If a line in the entries below holds the string "blocks", copy it.

(Source records)
⟨

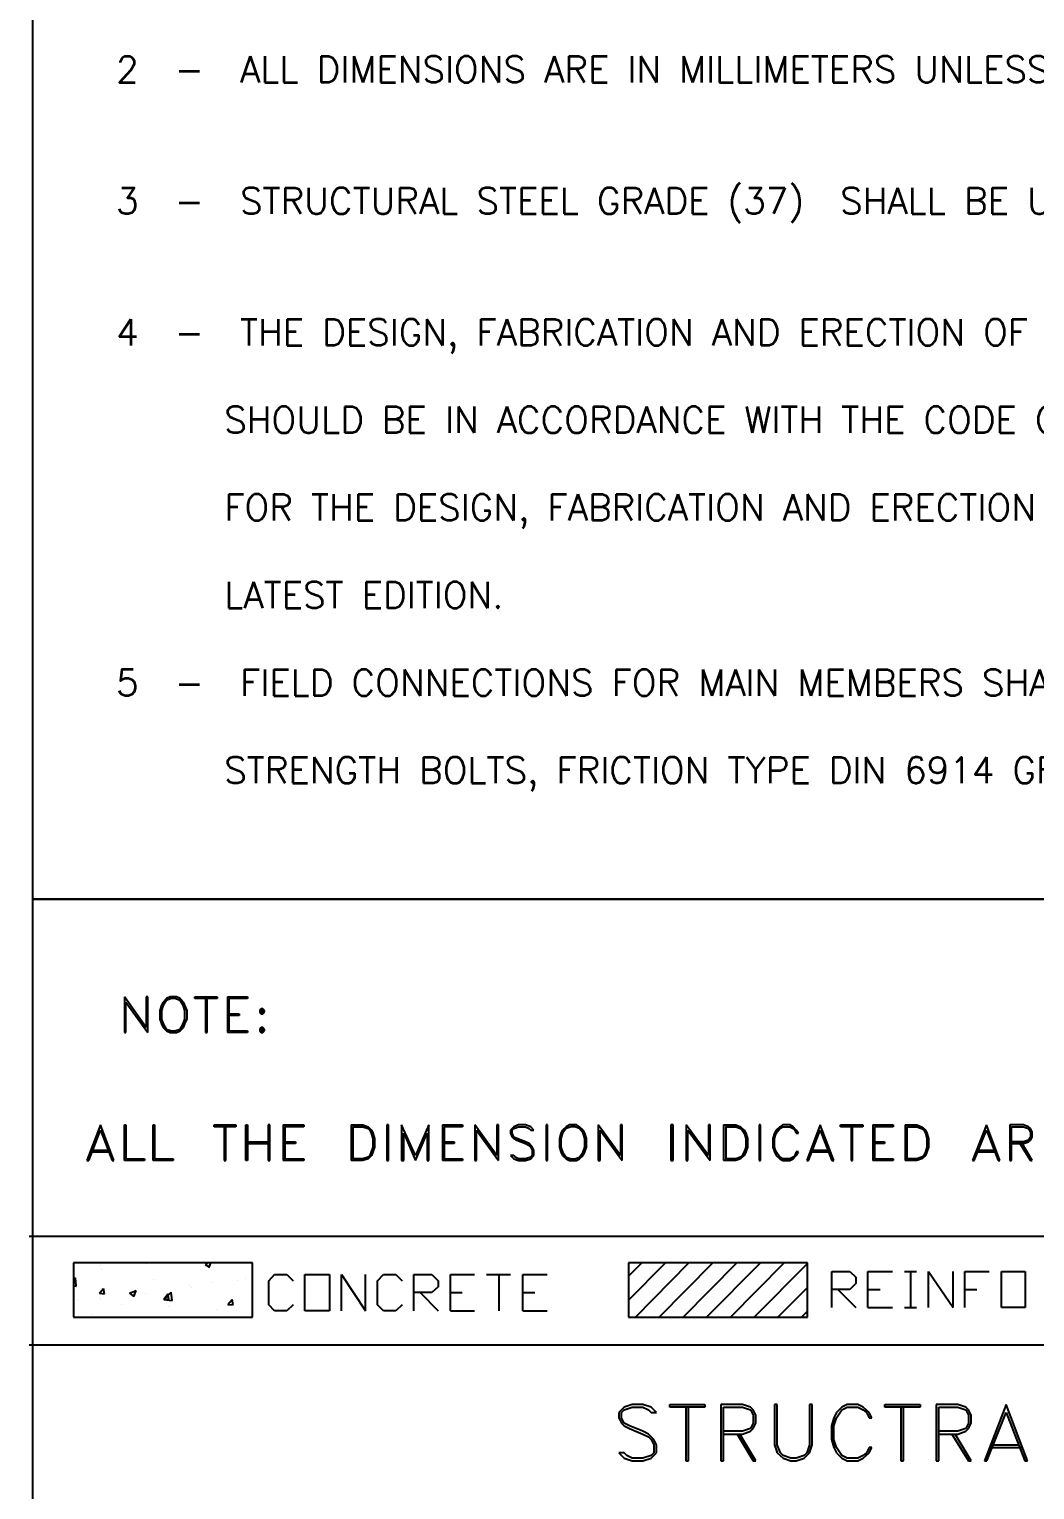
# Model space of a CAD drawing. Header units: millimetres. Extents: x -23396 to 106750, y 116 to 66281.
# Drawn here: x 98461 to 102061, y 40010 to 45239 of the extents above; entities that cross this region are included whole.
import ezdxf

# ---------------------------------------------------------------- set-up
doc = ezdxf.new("R2010")
doc.units = ezdxf.units.MM
doc.styles.add('nassar2', font='cent.shx', dxfattribs={"height": 60})

# ---------------------------------------------------------------- blocks, each defined once
blk = doc.blocks.new('upn st')
at = {"color": 0}
for p, q in [((7344.035, -4755.109), (7344.035, -6199.87)), ((8799.558, -4755.118), (7344.035, -4755.118)), ((7425.461, -4847.145), (7409.837, -4825.098)), ((7409.837, -4825.098), (7409.837, -4850.577)), ((7411.005, -4850.577), (7411.005, -4828.898)), ((7411.005, -4828.898), (7426.575, -4850.577)), ((7426.575, -4825.098), (7425.461, -4825.098)), ((7425.461, -4825.098), (7425.461, -4847.145)), ((7426.575, -4850.577), (7426.575, -4825.098)), ((7436.494, -4831.171), (7435.353, -4834.971)), ((7437.599, -4831.171), (7436.458, -4834.989)), ((7437.635, -4828.898), (7436.494, -4831.171)), ((7439.854, -4827.757), (7437.599, -4831.171)), ((7439.917, -4826.23), (7437.635, -4828.898)), ((7443.69, -4826.23), (7439.854, -4827.757)), ((7442.576, -4825.08), (7439.917, -4826.23)), ((7447.14, -4825.08), (7442.576, -4825.08)), ((7445.972, -4826.23), (7443.69, -4826.23)), ((7449.772, -4827.757), (7445.972, -4826.23)), ((7449.772, -4826.23), (7447.14, -4825.08)), ((7452.081, -4828.898), (7449.772, -4826.23)), ((7452.054, -4831.171), (7449.772, -4827.757)), ((7453.195, -4834.989), (7452.054, -4831.171)), ((7453.222, -4831.171), (7452.081, -4828.898)), ((7454.75, -4834.971), (7453.222, -4831.171)), ((7460.419, -4826.23), (7460.419, -4825.098)), ((7460.419, -4825.098), (7476.393, -4825.098)), ((7476.393, -4826.23), (7460.419, -4826.23)), ((7467.993, -4826.23), (7467.993, -4850.577)), ((7469.134, -4850.577), (7469.134, -4826.23)), ((7476.393, -4825.098), (7476.393, -4826.23)), ((7483.626, -4825.098), (7483.626, -4850.577)), ((7483.653, -4825.08), (7498.072, -4825.08)), ((7484.767, -4826.23), (7484.767, -4849.436)), ((7498.072, -4826.23), (7484.794, -4826.23)), ((7498.072, -4825.08), (7498.072, -4826.23)), ((7435.353, -4834.971), (7435.353, -4841.063)), ((7435.353, -4841.063), (7436.494, -4844.486)), ((7436.458, -4834.989), (7436.458, -4841.063)), ((7436.458, -4841.063), (7437.599, -4844.495)), ((7452.054, -4844.495), (7453.195, -4841.063)), ((7453.195, -4841.063), (7453.195, -4834.989)), ((7453.222, -4844.486), (7454.75, -4841.063)), ((7454.75, -4841.063), (7454.75, -4834.971)), ((7484.731, -4837.262), (7491.99, -4837.262)), ((7491.99, -4838.403), (7484.731, -4838.403)), ((7491.99, -4837.262), (7491.99, -4838.403)), ((7507.928, -4833.848), (7506.787, -4834.989)), ((7506.787, -4834.989), (7506.787, -4836.13)), ((7506.787, -4836.13), (7507.928, -4837.262)), ((7509.069, -4833.848), (7507.928, -4833.848)), ((7507.928, -4834.989), (7507.928, -4836.13)), ((7509.069, -4834.989), (7507.928, -4834.989)), ((7507.928, -4836.13), (7509.069, -4836.13)), ((7507.928, -4837.262), (7509.069, -4837.262)), ((7510.21, -4834.989), (7509.069, -4833.848)), ((7509.069, -4836.13), (7509.069, -4834.989)), ((7509.069, -4837.262), (7510.21, -4836.13)), ((7510.21, -4836.13), (7510.21, -4834.989)), ((7409.837, -4850.577), (7411.005, -4850.577)), ((7436.494, -4844.486), (7437.635, -4847.145)), ((7437.599, -4844.495), (7439.854, -4848.295)), ((7437.635, -4847.145), (7439.917, -4849.427)), ((7439.854, -4848.295), (7443.69, -4849.436)), ((7439.917, -4849.427), (7442.576, -4850.577)), ((7442.576, -4850.577), (7447.14, -4850.577)), ((7443.69, -4849.436), (7445.972, -4849.436)), ((7445.972, -4849.436), (7449.772, -4848.295)), ((7447.14, -4850.577), (7449.772, -4849.427)), ((7449.772, -4848.295), (7452.054, -4844.495)), ((7449.772, -4849.427), (7452.081, -4847.145)), ((7452.081, -4847.145), (7453.222, -4844.486)), ((7467.993, -4850.577), (7469.134, -4850.577)), ((7498.072, -4850.577), (7483.653, -4850.577)), ((7484.794, -4849.436), (7498.072, -4849.436)), ((7498.072, -4849.436), (7498.072, -4850.577)), ((7507.928, -4847.154), (7506.787, -4848.295)), ((7506.787, -4848.295), (7506.787, -4849.436)), ((7506.787, -4849.436), (7507.928, -4850.577)), ((7509.069, -4847.154), (7507.928, -4847.154)), ((7507.928, -4848.295), (7507.928, -4849.436)), ((7509.069, -4848.295), (7507.928, -4848.295)), ((7507.928, -4849.436), (7509.069, -4849.436)), ((7507.928, -4850.577), (7509.069, -4850.577)), ((7510.21, -4848.295), (7509.069, -4847.154)), ((7509.069, -4849.436), (7509.069, -4848.295)), ((7509.069, -4850.577), (7510.21, -4849.436)), ((7510.21, -4849.436), (7510.21, -4848.295)), ((7392.722, -4916.747), (7382.866, -4942.227)), ((7384.384, -4942.227), (7392.722, -4920.548)), ((7402.263, -4942.227), (7392.722, -4916.747)), ((7392.722, -4920.548), (7401.122, -4942.227)), ((7409.864, -4942.227), (7409.864, -4916.747)), ((7409.864, -4916.747), (7411.005, -4916.747)), ((7411.005, -4916.747), (7411.005, -4941.095)), ((7430.375, -4942.245), (7430.375, -4916.747)), ((7430.375, -4916.747), (7431.516, -4916.747)), ((7431.516, -4916.747), (7431.516, -4941.095)), ((7474.111, -4918.275), (7474.111, -4916.747)), ((7474.111, -4916.747), (7489.708, -4916.747)), ((7489.708, -4918.275), (7474.111, -4918.275)), ((7481.344, -4918.275), (7481.344, -4942.245)), ((7482.485, -4942.245), (7482.485, -4918.275)), ((7489.708, -4916.747), (7489.708, -4918.275)), ((7496.931, -4942.227), (7496.931, -4916.747)), ((7496.931, -4916.747), (7498.072, -4916.747)), ((7498.072, -4916.747), (7498.072, -4942.227)), ((7514.047, -4916.747), (7512.906, -4916.747)), ((7512.906, -4916.747), (7512.906, -4942.245)), ((7514.047, -4942.245), (7514.047, -4916.747)), ((7523.561, -4916.747), (7523.561, -4942.245)), ((7523.561, -4916.765), (7538.394, -4916.765)), ((7538.394, -4918.275), (7524.666, -4918.275)), ((7524.702, -4918.275), (7524.702, -4941.104)), ((7538.394, -4916.765), (7538.394, -4918.275)), ((7572.212, -4916.747), (7580.576, -4916.747)), ((7572.212, -4916.765), (7572.212, -4942.245)), ((7573.353, -4918.275), (7580.612, -4918.275)), ((7573.415, -4918.275), (7573.415, -4941.095)), ((7580.576, -4916.747), (7584.412, -4918.275)), ((7580.612, -4918.275), (7584.376, -4919.425)), ((7584.376, -4919.425), (7585.553, -4920.566)), ((7584.412, -4918.275), (7586.694, -4920.566)), ((7585.553, -4920.566), (7586.658, -4922.839)), ((7586.658, -4922.839), (7587.799, -4926.639)), ((7586.694, -4920.566), (7587.799, -4922.839)), ((7587.799, -4922.839), (7588.94, -4926.639)), ((7598.868, -4916.747), (7597.754, -4916.747)), ((7597.754, -4916.747), (7597.754, -4942.227)), ((7598.868, -4942.227), (7598.868, -4916.747)), ((7618.265, -4938.813), (7608.374, -4916.747)), ((7608.374, -4916.747), (7608.374, -4942.245)), ((7609.865, -4942.245), (7609.865, -4922.839)), ((7609.865, -4922.839), (7618.265, -4942.245)), ((7627.771, -4916.747), (7618.265, -4938.813)), ((7618.265, -4942.245), (7626.63, -4922.839)), ((7626.63, -4922.839), (7626.63, -4942.245)), ((7627.771, -4942.245), (7627.771, -4916.747)), ((7637.663, -4916.747), (7637.663, -4942.227)), ((7637.663, -4916.765), (7652.083, -4916.765)), ((7652.083, -4918.284), (7638.768, -4918.284)), ((7638.804, -4918.275), (7638.804, -4941.095)), ((7652.083, -4916.765), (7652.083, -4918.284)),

⟩

_Response to this exercise_.
# ---------------------------------------------------------------- blocks, each defined once
blk = doc.blocks.new('upn st')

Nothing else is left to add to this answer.